* **Task requirements**:
Without copying any pictures, restate exactly the lines from the start of the records through the line containing "pattern=[0.35, 0.25, -0.1])".

* **Entries shown**:
BEGIN
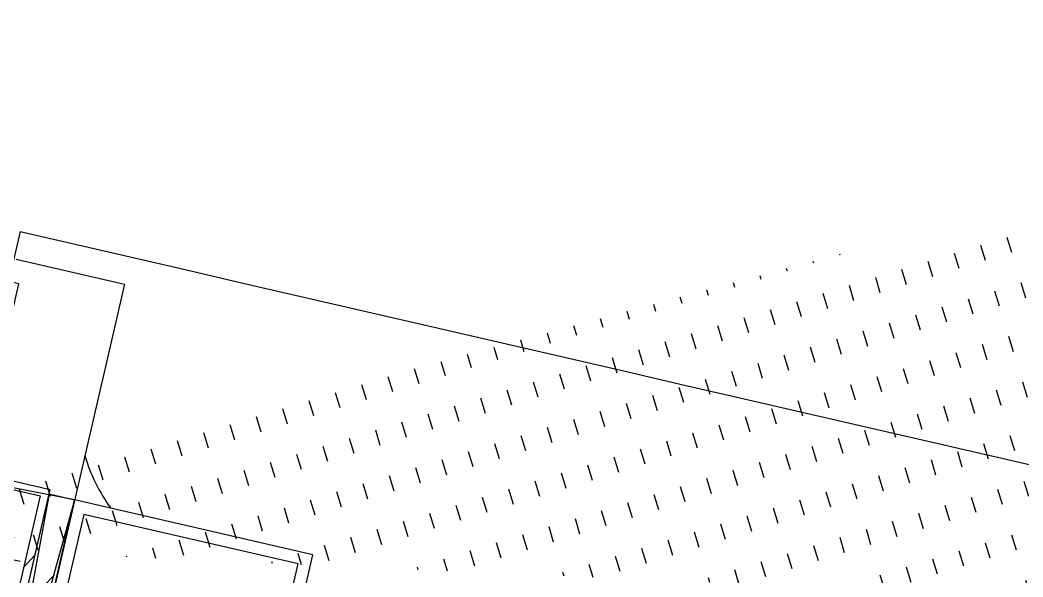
# Model space of a CAD drawing. Header units: inches. Extents: x 0 to 1813292486, y 0 to 3473589894.
# Drawn here: x 600477511.9 to 600477692.3, y 3473214624.5 to 3473214724.7 of the extents above; entities that cross this region are included whole.
import ezdxf

# ---------------------------------------------------------------- set-up
doc = ezdxf.new("R2010")
doc.units = ezdxf.units.IN
doc.header["$LTSCALE"] = 1000
doc.header["$MEASUREMENT"] = 0
doc.linetypes.add('AX-MALL-WALL-P02-QT$0$DASH', pattern=[0.35, 0.25, -0.1])
for name, color, linetype in [('A-Anno-Note', 241, 'Continuous'), ('AX-MALL-P02-200$0$A-Anno-Note', 241, 'Continuous'), ('AX-MALL-WALL-P02$0$A-Anno-Note', 241, 'Continuous'), ('AX-MALL-WALL-P02-QT$0$8', 8, 'Continuous'), ('AX-MALL-WALL-P02-QT$0$8 填充 虚线 打断线 0.1', 8, 'Continuous'), ('AX-MALL-WALL-P02-QT$0$A-Anno-Note', 241, 'Continuous'), ('AX-MALL-WALL-P02-QT$0$A-Curt', 151, 'Continuous'), ('AX-MALL-WALL-P02-QT$0$A-Detl-Patt', 8, 'Continuous'), ('AX-MALL-WALL-P02-QT$0$A-Detl-Thin', 131, 'Continuous'), ('AX-MALL-WALL-P02-QT$0$A-Wall', 2, 'Continuous'), ('AX-MALL-WALL-P02-QT$0$F12_Submate', 8, 'Continuous'), ('AX-MALL-WALL-P02-QT$0$STSF', 2, 'Continuous')]:
    doc.layers.add(name, color=color, linetype=linetype)
doc.layers.add('AX-MALL-WALL-P02-QT$0$AM_SUPPR', color=6, linetype='Continuous', lineweight=30)

# ---------------------------------------------------------------- blocks, each defined once
blk = doc.blocks.new('AX-MALL-WALL-P02-QT$0$tj')
at = {"layer": 'AX-MALL-WALL-P02-QT$0$A-Detl-Patt'}
h = blk.add_hatch(dxfattribs=at)
h.set_pattern_fill('STEEL', color=256, scale=100.0000000000001, angle=50.43183869082386)
h.set_pattern_definition([(75.00000000004839, (-14278.19445574284, 156289.8254051208), (-153.3407249234246, 41.08752340989569), []), (75.00000000004839, (-14317.88195610046, 156358.5661673546), (-153.3407249234246, 41.08752340989569), [])])
edge = h.paths.add_edge_path()
edge.add_line((88101.273016572, 47666.64152574539), (87883.93542659283, 47459.84604215622))
edge.add_line((87883.93542659283, 47459.84604215622), (91571.54751467705, 43584.64122533798))
edge.add_arc((262949.389629302, 558937.705083496), 543101.4133620498, 251.6057364187558, 260.0288666978238)
edge.add_arc((172180.8466627672, -2862.146247219684), 27099.9982179492, 64.7128659603706, 96.9316049602786, ccw=False)
edge.add_arc((262948.9730309481, 558936.3205539446), 543099.9677998082, 261.6155114784545, 271.7251478115656)
edge.add_line((279298.9759148359, 16082.51663446426), (279298.9759315252, 16382.65274763107))
edge.add_arc((262948.9742454757, 558936.3204835369), 542799.9676941936, 261.62020364125146, 271.7261014454634, ccw=False)
edge.add_arc((172180.8456921196, -2862.14609140989), 27400.00151046549, 64.80631838577902, 96.83815911678944)
edge.add_arc((262949.394896181, 558937.7037490648), 542801.4137571028, 251.6136389015772, 260.02417327084333, ccw=False)
edge.add_line((91737.26096642017, 43845.69257831573), (88101.273016572, 47666.64152574539))
blk.add_lwpolyline([(88103.03003954887, 47737.33037519455), (87813.24658572674, 47461.60306501389), (91543.92713344097, 43541.13421487808, 0.03677856867194786), (168908.9495433569, 23989.2463850975, -0.1416543586965341), (183742.0972260237, 21592.70785188675, 0.04416604653312874), (279348.9759123325, 16034.00206041336), (279348.9759345055, 16434.18465709686, -0.04414427716130016), (183859.0483468771, 21979.79425859451, 0.1405450684183163), (168919.8474783897, 24393.46752309799, -0.03670519880877311), (91764.87840116024, 43889.20268630981), (88103.03007543087, 47737.33033752441)], format="xyb", dxfattribs=at)
blk.add_lwpolyline([(88101.273016572, 47666.64152574539), (87883.93542659283, 47459.84604215622), (91571.54751467705, 43584.64122533798, 0.0367693963449814), (168910.2986617088, 24039.77597379684, -0.1415142461245126), (183756.7420067787, 21641.08926153183, 0.04414024362697595), (279298.9759148359, 16082.51663446426), (279298.9759315252, 16382.65274763107, -0.04412389944666065), (183844.4648458958, 21931.40288829803, 0.1406825130026793), (168918.4574091434, 24342.94360637665, -0.03671436212623864), (91737.26096642017, 43845.69257831573)], format="xyb", close=True, dxfattribs=at)
blk = doc.blocks.new('AX-MALL-WALL-P02-QT$0$A$C40565891')
h = blk.add_hatch()
h.set_pattern_fill('NET', color=6, scale=0.5, angle=315)
h.set_pattern_definition([(225.0000000000001, (-8954763.885715963, -14331520.94940183), (-1.122532015133644, 1.122532015133643), []), (135.0000000000001, (-8954763.885715963, -14331520.94940183), (1.122532015133643, 1.122532015133644), [])])
edge = h.paths.add_edge_path()
edge.add_line((-2.873205080628395, -1), (-17.1267949193716, -1))
edge.add_arc((-17.12679491817267, -2.000000000321539), 1.000000000321539, 90.00000006869386, 120.0000000686844)
edge.add_line((-17.6267949193716, -1.133974596858025), (-19.29999999888241, -2.099999999627471))
edge.add_line((-19.29999999888241, -2.099999999627471), (-19.59999999962747, -2.099999999627471))
edge.add_arc((-19.60000000055891, -1.700000000186378), 0.3999999994410928, 180.0000001333858, 270.00000013341844, ccw=False)
edge.add_line((-20, -1.700000001117587), (-20, 1.699999999254942))
edge.add_arc((-19.59999999962758, 1.699999999255055), 0.4000000003724153, 89.99999999998369, 180.0000000000163, ccw=False)
edge.add_line((-19.59999999962747, 2.099999999627471), (-19.29999999888241, 2.099999999627471))
edge.add_line((-19.29999999888241, 2.099999999627471), (-17.6267949193716, 1.133974596858025))
edge.add_arc((-17.12679491817268, 2.000000000321516), 1.000000000321515, 239.9999999313152, 269.9999999313065)
edge.add_line((-17.1267949193716, 1), (-2.873205080628395, 1))
edge.add_arc((-2.873205081827319, 2.000000000321497), 1.000000000321497, 270.0000000686933, 300.0000000686851)
edge.add_line((-2.373205080628395, 1.133974596858025), (-0.6999999992549419, 2.099999999627471))
edge.add_line((-0.6999999992549419, 2.099999999627471), (-0.400000000372529, 2.099999999627471))
edge.add_arc((-0.4000000003724153, 1.699999999255056), 0.4000000003724153, -1.63140612130519e-11, 90.00000000001631, ccw=False)
edge.add_line((0, 1.699999999254942), (0, -1.700000001117587))
edge.add_arc((-0.3999999994410927, -1.700000000186378), 0.3999999994410927, 269.99999986658156, 359.99999986661413, ccw=False)
edge.add_line((-0.400000000372529, -2.099999999627471), (-0.6999999992549419, -2.099999999627471))
edge.add_line((-0.6999999992549419, -2.099999999627471), (-2.373205080628395, -1.133974596858025))
edge.add_arc((-2.873205081827309, -2.00000000032146), 1.00000000032146, 59.99999993131432, 89.9999999313073)
at = {"layer": 'AX-MALL-WALL-P02-QT$0$STSF', "lineweight": 40}
blk.add_lwpolyline([(-2.873205080628395, -1), (-17.1267949193716, -1, 0.1316524975873539), (-17.6267949193716, -1.133974596858025), (-19.29999999888241, -2.099999999627471), (-19.59999999962747, -2.099999999627471, -0.4142135623732616), (-20, -1.700000001117587), (-20, 1.699999999254942, -0.4142135623732612), (-19.59999999962747, 2.099999999627471), (-19.29999999888241, 2.099999999627471), (-17.6267949193716, 1.133974596858025, 0.1316524975873571), (-17.1267949193716, 1), (-2.873205080628395, 1, 0.1316524975873597), (-2.373205080628395, 1.133974596858025), (-0.6999999992549419, 2.099999999627471), (-0.400000000372529, 2.099999999627471, -0.4142135623732616), (0, 1.699999999254942), (0, -1.700000001117587, -0.4142135623732616), (-0.400000000372529, -2.099999999627471), (-0.6999999992549419, -2.099999999627471), (-2.373205080628395, -1.133974596858025, 0.1316524975873647)], format="xyb", close=True, dxfattribs=at)
blk = doc.blocks.new('AX-MALL-WALL-P02-QT$0$A$C5DA96DE0')
at = {"layer": 'AX-MALL-WALL-P02-QT$0$AM_SUPPR', "color": 3}
for points in [[(-22.00068093277514, 105.1999999992549), (-22.00001176260412, 46.60000000149012, -0.414213562373095), (-21.70001176185906, 46.29999999888241), (-21.7000117637217, 45.30000000074506, -0.4142135651008757), (-21.90001176483929, 45.09999999962747), (-22.11765938811004, 45.09999999962747, 0.3152987896086648), (-22.30559791438282, 44.96840402856469), (-22.88795028813183, 43.36840402893722, 0.5486187836891172), (-22.68258061446249, 43.10076105967164), (-19.96206398494542, 43.32127769291401, 0.1763269799607178), (-19.83807377703488, 43.37909527309239), (-19.45859040878713, 43.75857864320278, 0.5773502703764628), (-19.54824795387685, 44.09318516403437), (-19.70076583139598, 44.13405220396817, -0.3107450373417215), (-19.86631920561194, 44.32805990986526), (-20.20001176558435, 46.220524456352), (-20.20001176558435, 46.30000000074506, -0.664494698151357), (-19.35008465312421, 46.6571428515017, 0.1962615707062706), (-19.21011380665004, 46.59999999962747), (-15.80001176707447, 46.59999999962747, -0.414213562373095), (-15.50001176446676, 46.30000000074506), (-15.50001176446676, 45.99448045343161), (-16.4794679954648, 44.32503772899508, 0.5796797259406589), (-16.35058767162263, 44.09999999776483), (-15.09727879799902, 44.09999999776483, 0.266079426403572), (-14.23476512730122, 44.59396623261273), (-13.34764037840068, 46.10603376291692, -0.2660794268336467), (-12.48512670956552, 46.59999999776483), (-12.48512670956552, 46.59999999776483), (12.48510318435729, 46.59999999962747, -0.2660794268336467), (13.3476168513298, 46.10603376291692), (14.23474160209298, 44.59396623261273, 0.266079426403572), (15.09725527279079, 44.09999999962747), (16.35056414455175, 44.09999999962747, 0.5796797259406589), (16.47944446653128, 44.32503772713244), (15.49998823925853, 45.99448045343161), (15.49998823553324, 46.29999999888241, -0.414213562373095), (15.7999882362783, 46.59999999962747), (19.21009027957916, 46.59999999962747, 0.1962615707062706), (19.35006112605333, 46.6571428515017, -0.664494698151357), (20.19998823665082, 46.29999999888241), (20.19998823665082, 46.220524456352), (19.86629567667842, 44.32805990800261, -0.3107450373417215), (19.70074230805039, 44.13405220396817), (19.54822442866862, 44.09318516217172, 0.5773502703764628), (19.45856687985361, 43.75857864320278), (19.83805025182664, 43.37909527309239, 0.1763269799607178), (19.96204045787454, 43.32127769291401), (22.68255708739161, 43.10076105967164, 0.5486187836891172), (22.88792676106095, 43.36840402893722), (22.30557438544929, 44.96840402670205, 0.3152987896086648), (22.11763586290181, 45.10000000149012), (21.89998823590577, 45.09999999962747, -0.4142135651008757), (21.69998823665082, 45.29999999888241), (21.69998823478818, 46.29999999888241, -0.414213562373095), (21.99998823739588, 46.59999999962747), (22.00029997527599, 73.89985392801464)], [(-12.48512671142817, 26.59999999962747), (-12.48512671142817, 26.59999999962747, -0.266079426695036), (-13.34764038026333, 27.09396623820066), (-14.23476512916386, 28.60603376477957, 0.2660794267352428), (-15.09727879799902, 29.10000000149012), (-16.35058767162263, 29.09999999962747, 0.5796797243171364), (-16.4794679954648, 28.87496227398515), (-15.50001176446676, 27.20551954396069), (-15.50001176819205, 26.90000000223517, -0.414213562429924), (-15.80001176521182, 26.59999999776483), (-19.21011380665004, 26.59999999962747, 0.196261570738114), (-19.35008465498686, 26.54285714589059, -0.6644947009864839), (-20.20001176558435, 26.90000000223517), (-20.20001176558435, 26.97947554662824), (-19.86631920747459, 28.87194008752704, -0.3107450376907102), (-19.70076583139598, 29.06594779156148), (-19.5482479557395, 29.10681483522058, 0.5773502691095918), (-19.45859040878713, 29.44142135605216), (-19.83807377517223, 29.82090472429991, 0.1763269806166101), (-19.96206398680806, 29.87872230820358), (-22.68258061632514, 30.0992389395833, 0.5486187865199976), (-22.88795028440654, 29.83159597031772), (-22.30559791252017, 28.23159597069025, 0.3152987889515711), (-22.1176593862474, 28.09999999962747), (-21.90001176297665, 28.09999999776483, -0.4142135620321224), (-21.70001176558435, 27.89999999850988), (-21.70001176558435, 26.90000000037253, -0.414213562429924), (-22.00001176446676, 26.59999999962747), (-22.00026272423565, -1.862645149230957e-09), (22.00026272051036, 0), (22.00006804615259, 18.00577012822032)], [(22.00005050562322, 19.99999999813735), (21.99998823739588, 26.59999999962747, -0.414213562429924), (21.69998823665082, 26.90000000037253), (21.69998823478818, 27.89999999850988, -0.4142135620321224), (21.89998823776841, 28.09999999962747), (22.11763586103916, 28.09999999776483, 0.3152987889515711), (22.30557438544929, 28.23159596882761), (22.88792676106095, 29.83159597218037, 0.5486187865199976), (22.68255708925426, 30.0992389395833), (19.96204045601189, 29.87872230820358, 0.1763269806166101), (19.83805024810135, 29.82090472429991), (19.45856687985361, 29.44142135605216, 0.5773502691095918), (19.54822443053126, 29.10681483708322), (19.70074230805039, 29.06594779156148, -0.3107450376907102), (19.86629567667842, 28.87194008752704), (20.19998823851347, 26.97947554290295), (20.19998824037611, 26.89999999850988, -0.6644947009864839), (19.35006112605333, 26.54285714402795, 0.196261570738114), (19.21009027957916, 26.59999999776483), (15.79998823441565, 26.59999999776483, -0.414213562429924), (15.49998823925853, 26.89999999850988), (15.49998823925853, 27.20551954582334), (16.47944446466863, 28.87496227398515, 0.5796797243171364), (16.3505641464144, 29.09999999962747), (15.09725527092814, 29.09999999776483, 0.2660794267352428), (14.23474160209298, 28.60603376477957), (13.3476168513298, 27.09396623820066, -0.266079426695036), (12.48510318249464, 26.59999999962747), (-12.48512671142817, 26.59999999962747)]]:
    blk.add_lwpolyline(points, format="xyb", dxfattribs=at)
for points in [[(22.00029996782541, 73.89983759261668), (22.00005446560681, 73.89983759261668), (21.99998823553324, 105.1999999992549), (-22.00068093277514, 105.1999999992549)], [(-19.80001176521182, 103), (-19.80001176521182, 103), (-19.80001176334918, 74.70021012239158), (-19.00001176446676, 73.70021012239158), (-19.00001176446676, 68.70021012239158), (-19.00001176446676, 63.70021012239158), (-20.00001176446676, 62.70021012611687), (-20.00001176446676, 48.79999999888241), (19.99998823553324, 48.79999999701977), (19.99998823739588, 62.70021012425423), (18.99998823739588, 63.70021012425423), (18.99998823739588, 68.70021012239158), (18.99998823553324, 73.70021012425423), (19.79998823814094, 74.70021012052894), (19.79998823814094, 103), (-19.80001176521182, 103)], [(-19.00003717839718, 24.40000000223517), (-19.00003717839718, 16.60000000149012), (-19.8001159671694, 15.59989579208195), (-19.80026083253324, 2.199999997392297), (-19.80001176521182, 2.199999999254942), (19.80023730732501, 2.199999997392297), (19.80009244196117, 15.5998957939446), (19.0000136513263, 16.60000000149012), (19.0000136513263, 24.40000000223517), (-19.00003717839718, 24.40000000223517)], [(21.99999776296318, 20.00577012635767), (43.9999977555126, 20.00634960085154), (43.99998722039163, 20.40634960122406), (44.99999512173235, 20.10637594014406), (44.99998722039163, 20.40637594088912), (45.99999512173235, 20.10640227980912), (45.99998722039163, 20.40640228055418), (46.99999512173235, 20.10642861947417), (46.99998722039163, 20.40642862021923), (47.99999511986971, 20.10645495913923), (47.99998721852899, 20.40645495988429), (48.99998721852899, 20.40648129954934), (49.00005043298006, 18.00648130103946), (22.00006804615259, 18.00577012822032)]]:
    blk.add_lwpolyline(points, dxfattribs=at)
at = {"color": 6, "ltscale": 10, "xscale": -0.9999999999999999, "rotation": 90}
blk.add_blockref('AX-MALL-WALL-P02-QT$0$A$C40565891', (-17.70395603775978, 26.59999999776483), dxfattribs=at)
at = {"color": 6, "ltscale": 10, "rotation": 270}
blk.add_blockref('AX-MALL-WALL-P02-QT$0$A$C40565891', (17.7039325106889, 26.59999999962747), dxfattribs=at)
blk = doc.blocks.new('AX-MALL-WALL-P02-QT$0$A$C3B8A2171')
at = {"color": 6, "ltscale": 10}
blk.add_blockref('AX-MALL-WALL-P02-QT$0$A$C5DA96DE0', (7.275957614183426e-12, -23.70584608986974), dxfattribs=at)
blk = doc.blocks.new('AX-MALL-WALL-P02-QT$0$A$C6881390A')
at = {"layer": 'AX-MALL-WALL-P02-QT$0$F12_Submate'}
h = blk.add_hatch(dxfattribs=at)
h.set_pattern_fill('ANSI37', color=8, angle=-90.00000000000001)
h.set_pattern_definition([(134.9999999999999, (-14682478.60183269, -8841814.13351081), (-1.122532015133645, -1.122532015133644), []), (225, (-14682478.60183269, -8841814.13351081), (1.122532015133644, -1.122532015133645), [])])
edge = h.paths.add_edge_path()
edge.add_arc((26.57168748229742, 23.04584885388613), 30.44683844307944, 209.2218239341857, 229.2162189367104, ccw=False)
edge.add_line((-0.0003702491521835327, 8.181942267343402), (0, 0))
edge.add_line((-1.862645149230957e-09, -1.862645149230957e-09), (6.683621030300856, -0.007888024672865866))
at = {"layer": 'AX-MALL-WALL-P02-QT$0$F12_Submate', "color": 8}
blk.add_arc((26.57168742641807, 23.04584880732), 30.44683837110825, 209.2218238730674, 229.2162189518421, dxfattribs=at)
blk = doc.blocks.new('AX-MALL-WALL-P02-QT$0$A$C063F76F4')
at = {"layer": 'AX-MALL-WALL-P02-QT$0$8 填充 虚线 打断线 0.1', "ltscale": 80}
h = blk.add_hatch(dxfattribs=at)
h.set_pattern_fill('DOTS', color=256, style=0)
h.set_pattern_definition([(0, (-15077949.70104506, -8499354.185964877), (0.79375, -1.5875), [0, -1.5875])])
h.paths.add_polyline_path([(20, 160.9673534315079), (1.500000001862645, 160.9673534333706), (1.5, 195.8044423684478), (0, 195.8044423684478), (0, 200), (19.99999913014472, 200)])
at = {"layer": 'AX-MALL-WALL-P02-QT$0$8 填充 虚线 打断线 0.1', "ltscale": 2}
h = blk.add_hatch(dxfattribs=at)
h.set_pattern_fill('HEX', color=256, scale=3)
h.set_pattern_definition([(0, (11.74999980442226, 37.39510298892856), (0, 4.949334), [2.8575, -5.715]), (120, (11.74999980442226, 37.39510298892856), (-4.286248975814051, -2.474666999999999), [2.857499999999994, -5.714999999999988]), (59.99999999999999, (14.60749980434775, 37.39510298892856), (-4.286248975814051, 2.474667000000001), [2.8575, -5.715])])
h.paths.add_polyline_path([(18.5, 159.4673534315079), (18.50000000558794, 55.00000017695129), (1.5, 55.00000017695129), (1.5, 159.4673534315079)])
at = {"ltscale": 2}
blk.add_lwpolyline([(15.29999990388751, 160.2000001762062), (19.99999990314245, 160.2000001762062), (19.99990182556212, 55.00208372995257), (15.29990182630718, 55.00208372995257)], close=True, dxfattribs=at)
for points in [[(19.99999990314245, 160.2000001762062), (15.29990182630718, 55.00208372995257)], [(15.30000022053719, 160.2000001762062), (19.99990182556212, 55.00208372995257)]]:
    blk.add_lwpolyline(points, dxfattribs=at)
at = {"layer": 'AX-MALL-WALL-P02-QT$0$8', "ltscale": 80}
blk.add_lwpolyline([(0, 200), (19.99999846145511, 200), (20.00004668906331, 55.00208372995257)], dxfattribs=at)
at = {"layer": 'AX-MALL-WALL-P02-QT$0$8', "ltscale": 2}
blk.add_lwpolyline([(19.99999999813735, 55.00000017695129), (20.00001169927418, 160.2002641968429), (4.041939973831177e-07, 159.4673534315079)], dxfattribs=at)
at = {"layer": 'AX-MALL-WALL-P02-QT$0$STSF'}
blk.add_lwpolyline([(0, 54.99999996088445), (0, 10.42926629818976), (1.5, 10.42926629818976), (1.5, 53.49999996088445), (15.29999990202487, 53.49999996088445), (15.29999990388751, 160.9673534315079), (1.5, 160.9673534315079), (1.5, 195.8044423684478), (0, 195.8044423684478), (0, 159.4673534315079), (13.79999990388751, 159.4673534315079), (13.79999990947545, 54.99999996088445), (0, 54.99999996088445)], dxfattribs=at)
at = {"color": 6, "ltscale": 10}
blk.add_blockref('AX-MALL-WALL-P02-QT$0$A$C6881390A', (19.99999990314245, 160.2000001762062), dxfattribs=at)
blk = doc.blocks.new('AX-MALL-WALL-P02-QT$0$A$C72905B8B')
at = {"color": 6, "ltscale": 10}
for name, p in [('AX-MALL-WALL-P02-QT$0$A$C063F76F4', (162.2869235184044, -5)), ('AX-MALL-WALL-P02-QT$0$A$C3B8A2171', (204.2872329074889, 73.70584626682103))]:
    blk.add_blockref(name, p, dxfattribs=at)
blk = doc.blocks.new('AX-MALL-WALL-P02-QT$0$mqst2')
at = {"color": 6, "ltscale": 10, "rotation": 346.9841522458781}
blk.add_blockref('AX-MALL-WALL-P02-QT$0$A$C72905B8B', (263719.0839470625, -32745.80559062958), dxfattribs=at)
blk = doc.blocks.new('AX-MALL-WALL-P02-QT')
at = {"layer": 'AX-MALL-WALL-P02-QT$0$A-Curt'}
blk.add_arc((600585645.7635028, 3473560475.347815), 539800.0399361156, 236.5523135832899, 236.6903182118009, dxfattribs=at)
at = {"layer": 'AX-MALL-WALL-P02-QT$0$A-Detl-Thin', "linetype": 'AX-MALL-WALL-P02-QT$0$DASH', "ltscale": 3}
for points in [[(600288371.7507958, 3473111105.072967, 0.002188810887910214), (600292317.4291912, 3473108519.630342, 0.002188810887910214)], [(600288300.0807451, 3473110912.685323, 0.002187956786309004), (600292245.9015511, 3473108327.624956)]]:
    blk.add_lwpolyline(points, format="xyb", dxfattribs=at)
at = {"layer": 'AX-MALL-WALL-P02-QT$0$A-Wall'}
blk.add_line((600288121.2709974, 3473110071.907025), (600288011.0359211, 3473109905.029141), dxfattribs=at)
at = {"layer": 'AX-MALL-WALL-P02-QT$0$A-Anno-Note', "rotation": 339.5681613092181}
blk.add_blockref('AX-MALL-WALL-P02-QT$0$mqst2', (600052179.2710491, 3473232742.396311), dxfattribs=at)
at = {"layer": 'AX-MALL-WALL-P02-QT$0$A-Detl-Thin', "rotation": 339.5681613091762}
blk.add_blockref('AX-MALL-WALL-P02-QT$0$tj', (600144118.6961328, 3473128496.287411), dxfattribs=at)
blk = doc.blocks.new('AX-MALL-WALL-P02')
at = {"layer": 'AX-MALL-WALL-P02$0$A-Anno-Note'}
blk.add_blockref('AX-MALL-WALL-P02-QT', (0, 0), dxfattribs=at)
blk = doc.blocks.new('AX-MALL-P02-200')
at = {"layer": 'AX-MALL-P02-200$0$A-Anno-Note'}
blk.add_blockref('AX-MALL-WALL-P02', (0, 0), dxfattribs=at)

msp = doc.modelspace()

# ---------------------------------------------------------------- block references
at = {"layer": 'A-Anno-Note', "rotation": 20.43183869077545}
msp.add_blockref('AX-MALL-P02-200', (1250392458.527329, 9048125.682563305), dxfattribs=at)

doc.saveas('drawing.dxf')
END
* **Answer to this task**:
# Model space of a CAD drawing. Header units: inches. Extents: x 0 to 1813292486, y 0 to 3473589894.
# Drawn here: x 600477511.9 to 600477692.3, y 3473214624.5 to 3473214724.7 of the extents above; entities that cross this region are included whole.
import ezdxf

# ---------------------------------------------------------------- set-up
doc = ezdxf.new("R2010")
doc.units = ezdxf.units.IN
doc.header["$LTSCALE"] = 1000
doc.header["$MEASUREMENT"] = 0
doc.linetypes.add('AX-MALL-WALL-P02-QT$0$DASH', pattern=[0.35, 0.25, -0.1])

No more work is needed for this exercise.